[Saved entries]
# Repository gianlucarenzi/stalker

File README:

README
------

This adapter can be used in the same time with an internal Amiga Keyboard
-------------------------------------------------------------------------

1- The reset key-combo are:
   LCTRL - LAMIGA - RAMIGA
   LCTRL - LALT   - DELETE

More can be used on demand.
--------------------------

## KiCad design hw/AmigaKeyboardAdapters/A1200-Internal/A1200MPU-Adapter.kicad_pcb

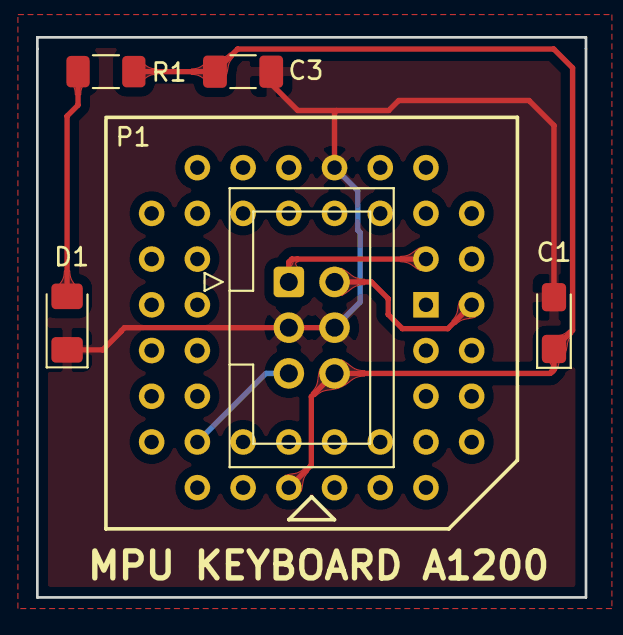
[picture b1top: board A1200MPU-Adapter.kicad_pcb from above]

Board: 2 copper layers, 30.5 x 31.1 mm, 6 parts (1 on the bottom side), 6 nets.

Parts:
C1: 10uF; CP_EIA-3216-12_Kemet-S_Pad1.58x1.35mm_HandSolder
C3: 100nF; C_1206_3216Metric_Pad1.33x1.80mm_HandSolder
D1: RED; LED_1206_3216Metric_Pad1.42x1.75mm_HandSolder
P1: Conn_02x03_Odd_Even; IDC-Header_2x03_P2.54mm_Vertical
R1: 330R; R_1206_3216Metric_Pad1.30x1.75mm_HandSolder
U1: A1200U13_REV_PLCC44; PLCC-44_THT-Socket_3D

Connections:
GND: C1.2, C3.2, D1.1, P1.3, P1.4, U1.35
unnamed: D1.2, R1.1
VCC5V: C1.1, C3.1, P1.6, R1.2, U1.13
mKBD_CLOCK: P1.1, U1.43
mKBD_DATA: P1.2, U1.44
mKBD_RESET: P1.5, U1.19

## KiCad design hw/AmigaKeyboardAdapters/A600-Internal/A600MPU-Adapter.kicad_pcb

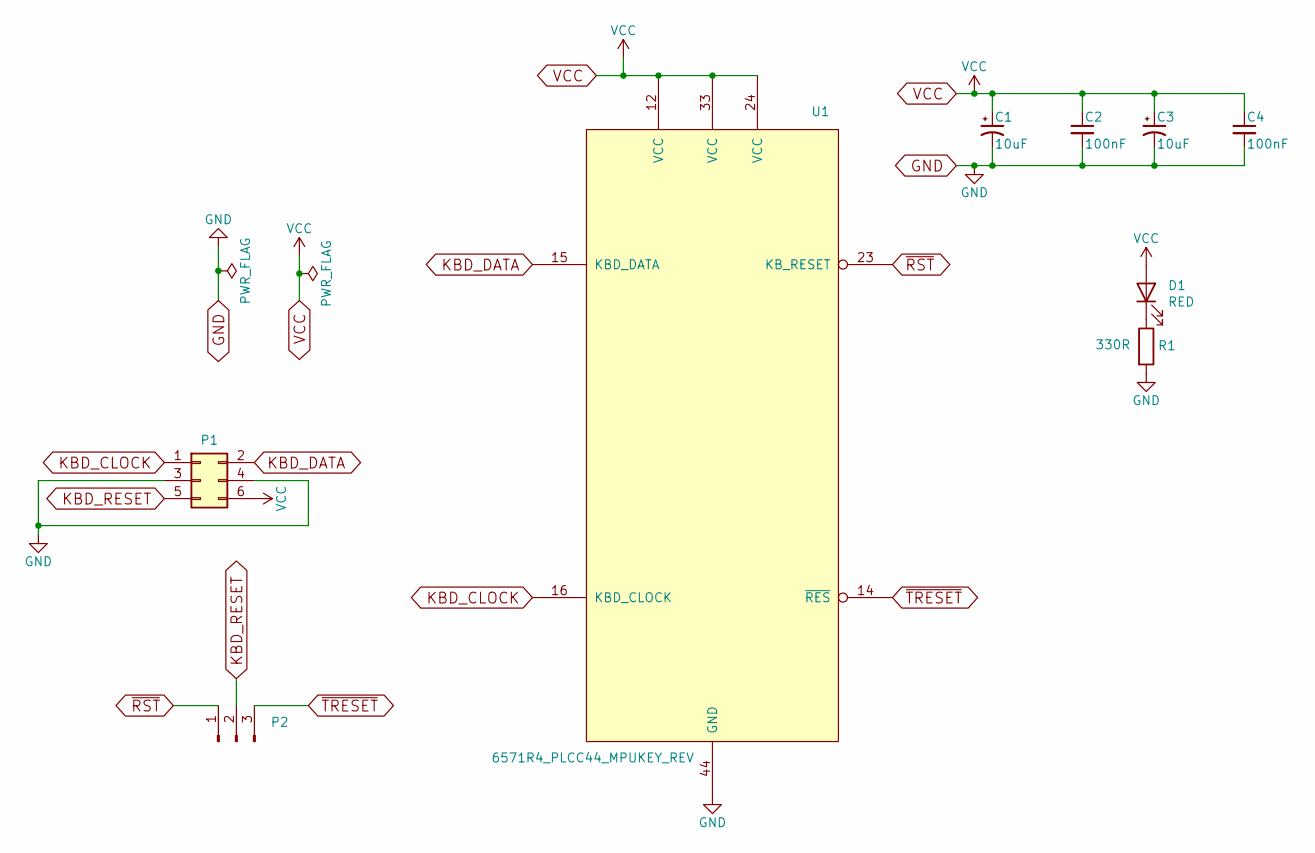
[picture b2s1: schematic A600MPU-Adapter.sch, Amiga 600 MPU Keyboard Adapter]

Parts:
C1, C3: 10uF; CP_EIA-3216-12_Kemet-S_Pad1.58x1.35mm_HandSolder; LCSC C108529
C2, C4: 100nF; C_1206_3216Metric_Pad1.33x1.80mm_HandSolder; LCSC C24497
D1: RED; LED_1206_3216Metric_Pad1.42x1.75mm_HandSolder; LCSC C93133
P1: Conn_02x03_Odd_Even; IDC-Header_2x03_P2.54mm_Vertical
P2: Conn_01x03_Male; PinHeader_1x03_P2.54mm_Vertical
R1: 330R; R_1206_3216Metric_Pad1.30x1.75mm_HandSolder; LCSC C245520
U1: 6571R4_PLCC44_MPUKEY_REV; PLCC-44_THT-Socket_3D

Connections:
GND: C1.2, C2.2, C3.2, C4.2, P1.3, P1.4, R1.2, U1.44 (GND)
KBD_CLOCK: P1.1, U1.16 (KBD_CLOCK)
KBD_DATA: P1.2, U1.15 (KBD_DATA)
KBD_RESET: P1.5, P2.2
unnamed: D1.1 (K), R1.1
VCC: C1.1, C2.1, C3.1, C4.1, D1.2 (A), P1.6, U1.12 (VCC), U1.24 (VCC), U1.33 (VCC)
~RST: P2.1, U1.23 (KB_RESET)
~TRESET: P2.3, U1.14 (~RES)

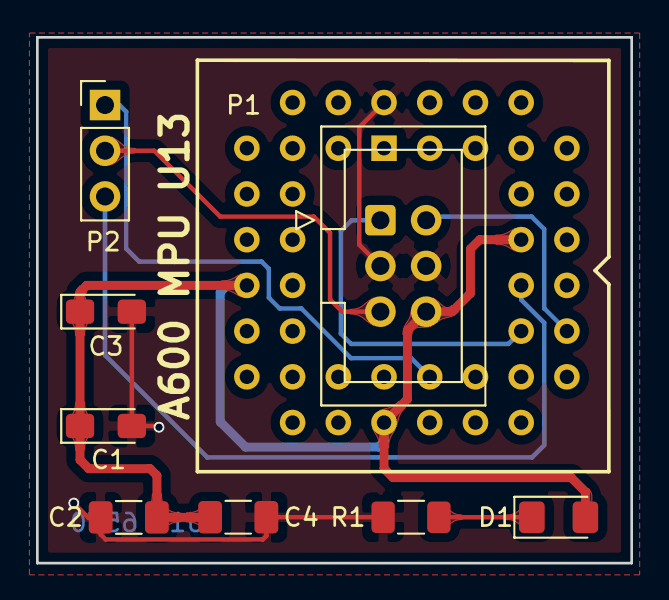
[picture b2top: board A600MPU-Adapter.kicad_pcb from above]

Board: 2 copper layers, 33.0 x 29.2 mm, 9 parts (1 on the bottom side), 8 nets.

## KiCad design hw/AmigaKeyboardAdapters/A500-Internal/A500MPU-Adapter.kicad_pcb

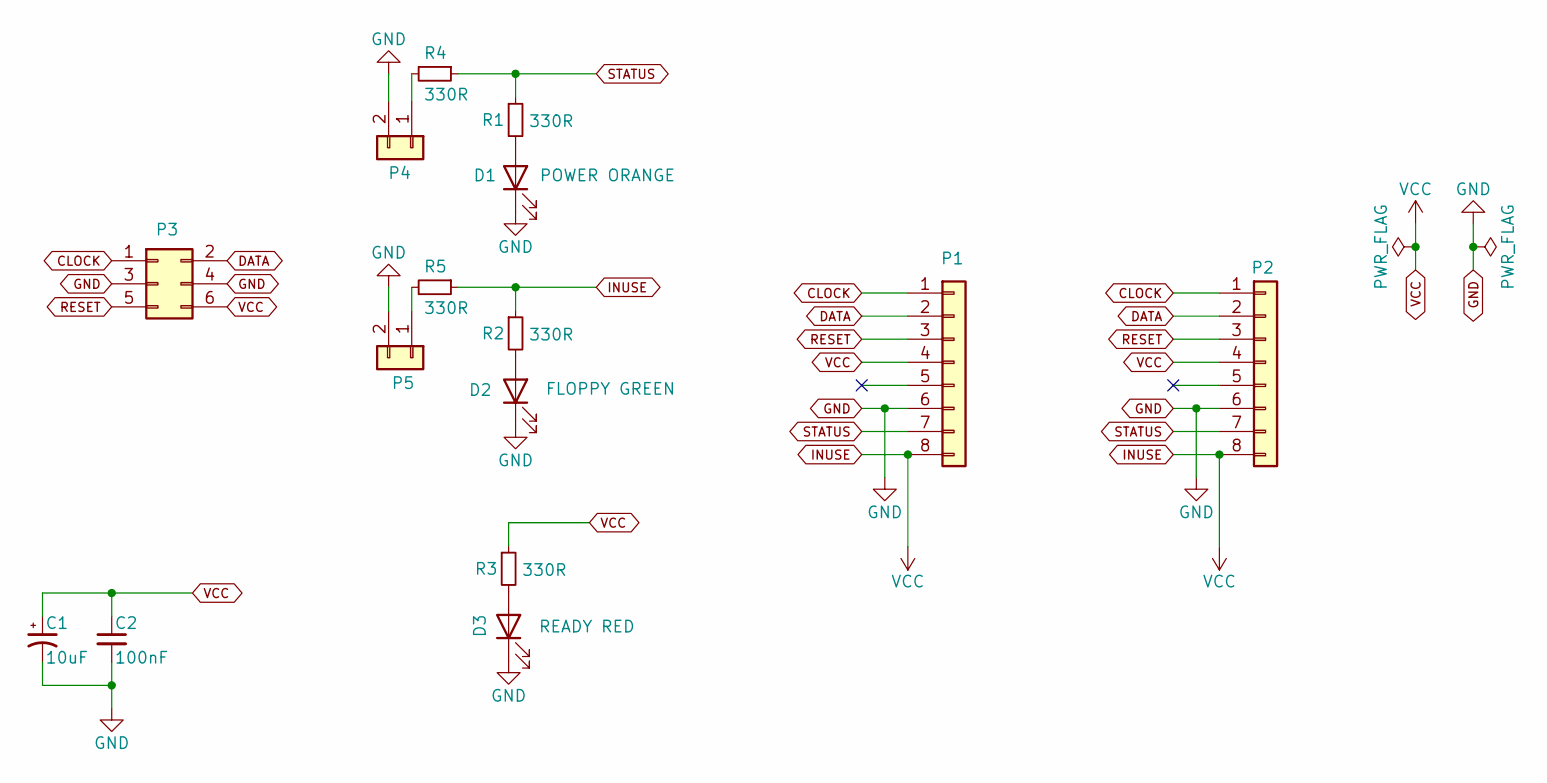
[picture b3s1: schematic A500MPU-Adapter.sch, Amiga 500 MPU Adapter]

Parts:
C1: 10uF; CP_EIA-3216-12_Kemet-S_Pad1.58x1.35mm_HandSolder; LCSC C108529
C2: 100nF; C_1206_3216Metric_Pad1.33x1.80mm_HandSolder; LCSC C24497
D1: POWER ORANGE; LED_1206_3216Metric_Pad1.42x1.75mm_HandSolder; LCSC C183851
D2: FLOPPY GREEN; LED_1206_3216Metric_Pad1.42x1.75mm_HandSolder; LCSC C2980185
D3: READY RED; LED_1206_3216Metric_Pad1.42x1.75mm_HandSolder; LCSC C93133
P1: Conn_01x08; PinHeader_1x08_P2.54mm_Vertical
P2: Conn_01x08; PinSocket_1x08_P2.54mm_Vertical
P3: Conn_02x03; IDC-Header_2x03_P2.54mm_Vertical
P4, P5: Conn_01x02; PinHeader_1x02_P2.54mm_Vertical
R1, R2, R3, R4, R5: 330R; R_1206_3216Metric_Pad1.30x1.75mm_HandSolder; LCSC C245520

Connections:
CLOCK: P1.1, P2.1, P3.1
DATA: P1.2, P2.2, P3.2
GND: C1.2, C2.2, D1.1 (K), D2.1 (K), D3.1 (K), P1.6, P2.6, P3.3, P3.4, P4.2, P5.2
INUSE: C1.1, C2.1, P1.4, P1.8, P2.4, P2.8, P3.6, R2.1, R3.1, R5.1
unnamed: D1.2 (A), R1.2
unnamed: D2.2 (A), R2.2
unnamed: D3.2 (A), R3.2
unnamed: P4.1, R4.2
unnamed: P5.1, R5.2
RESET: P1.3, P2.3, P3.5
STATUS: P1.7, P2.7, R1.1, R4.1

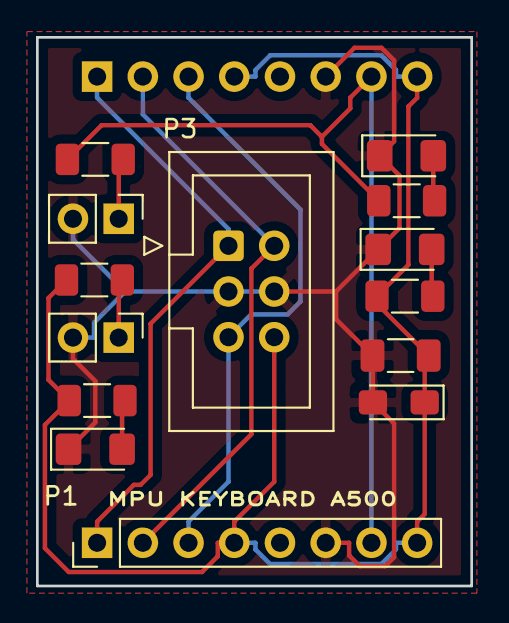
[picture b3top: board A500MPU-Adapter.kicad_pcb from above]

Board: 2 copper layers, 24.1 x 30.5 mm, 15 parts (1 on the bottom side), 11 nets.

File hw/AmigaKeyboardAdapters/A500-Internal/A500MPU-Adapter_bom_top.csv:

"Comment","Designator","Footprint","LCSC Part #"
"330R","R2 R3 R1 R4 R5","","C245520"
"100nF","C2","","C24497"
"10uF","C1","","C108529"
"Conn_02x03","P3","",""
"Conn_01x08","P1","",""
"Conn_01x02","P4 P5","",""
"FLOPPY GREEN","D2","","C2980185"
"READY RED","D3","","C93133"
"POWER ORANGE","D1","","C183851"

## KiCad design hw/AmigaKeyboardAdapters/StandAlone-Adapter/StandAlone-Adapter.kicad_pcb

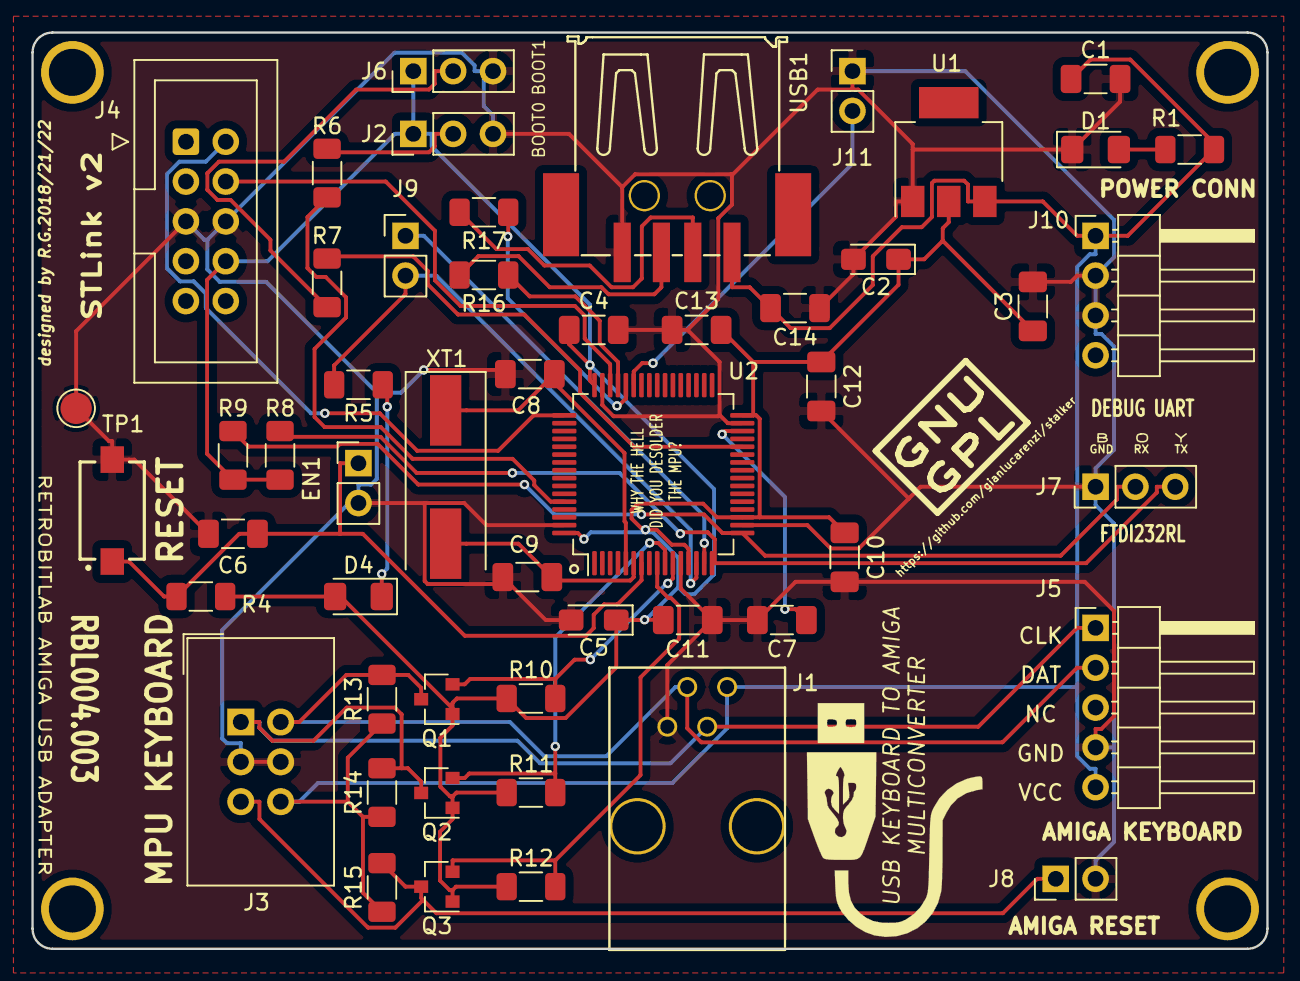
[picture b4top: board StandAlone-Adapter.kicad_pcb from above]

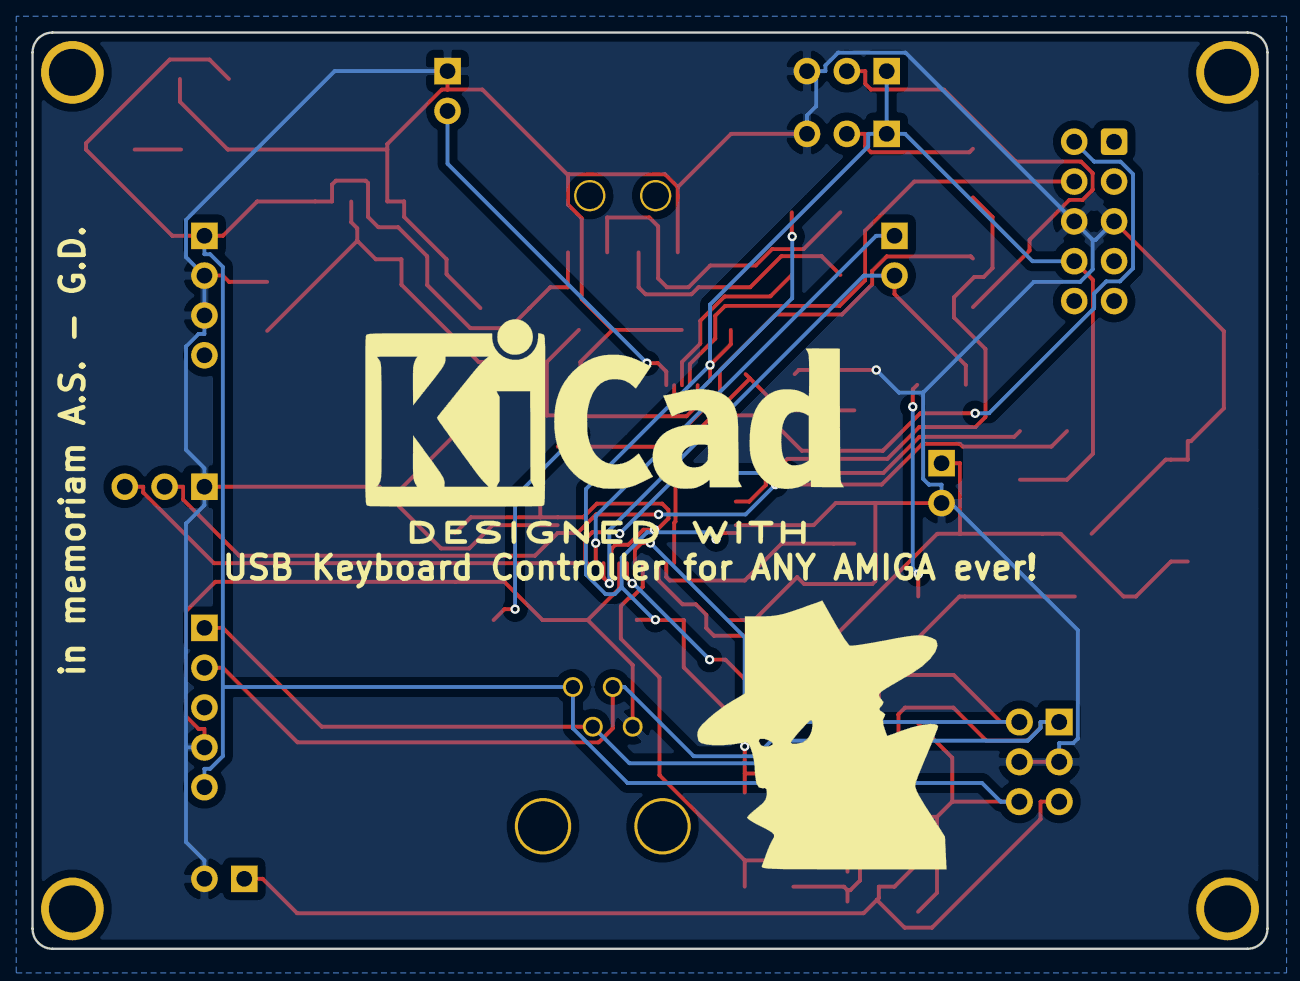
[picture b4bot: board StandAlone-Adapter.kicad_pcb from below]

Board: 2 copper layers, 78.7 x 58.4 mm, 60 parts (2 on the bottom side), 30 nets.

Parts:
C1: 100nF; C_1206_3216Metric_Pad1.33x1.80mm_HandSolder
C2: 10uF; CP_EIA-3216-12_Kemet-S_Pad1.58x1.35mm_HandSolder
C3, C4, C6, C10, C11, C12, C13, C14: 100n; C_1206_3216Metric_Pad1.33x1.80mm_HandSolder
C5: 10u; CP_EIA-3216-18_Kemet-A_Pad1.58x1.35mm_HandSolder
C7: 4.7uF; C_1206_3216Metric_Pad1.33x1.80mm_HandSolder
C8, C9: 22pF; C_1206_3216Metric_Pad1.33x1.80mm_HandSolder
D1, D4: RED; LED_1206_3216Metric_Pad1.42x1.75mm_HandSolder
EN1: CONN_01X02; PinHeader_1x02_P2.54mm_Vertical
H1, H2, H3, H4: CONN_01X01; MountingHole
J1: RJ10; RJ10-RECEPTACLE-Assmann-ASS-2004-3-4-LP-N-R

- _WHAT IS EXPECTED_: Wherever a line in the entries holds "StandAlone", copy that line.

- _SOLUTION FOR THIS TASK_:
## KiCad design hw/AmigaKeyboardAdapters/StandAlone-Adapter/StandAlone-Adapter.kicad_pcb
[picture b4top: board StandAlone-Adapter.kicad_pcb from above]
[picture b4bot: board StandAlone-Adapter.kicad_pcb from below]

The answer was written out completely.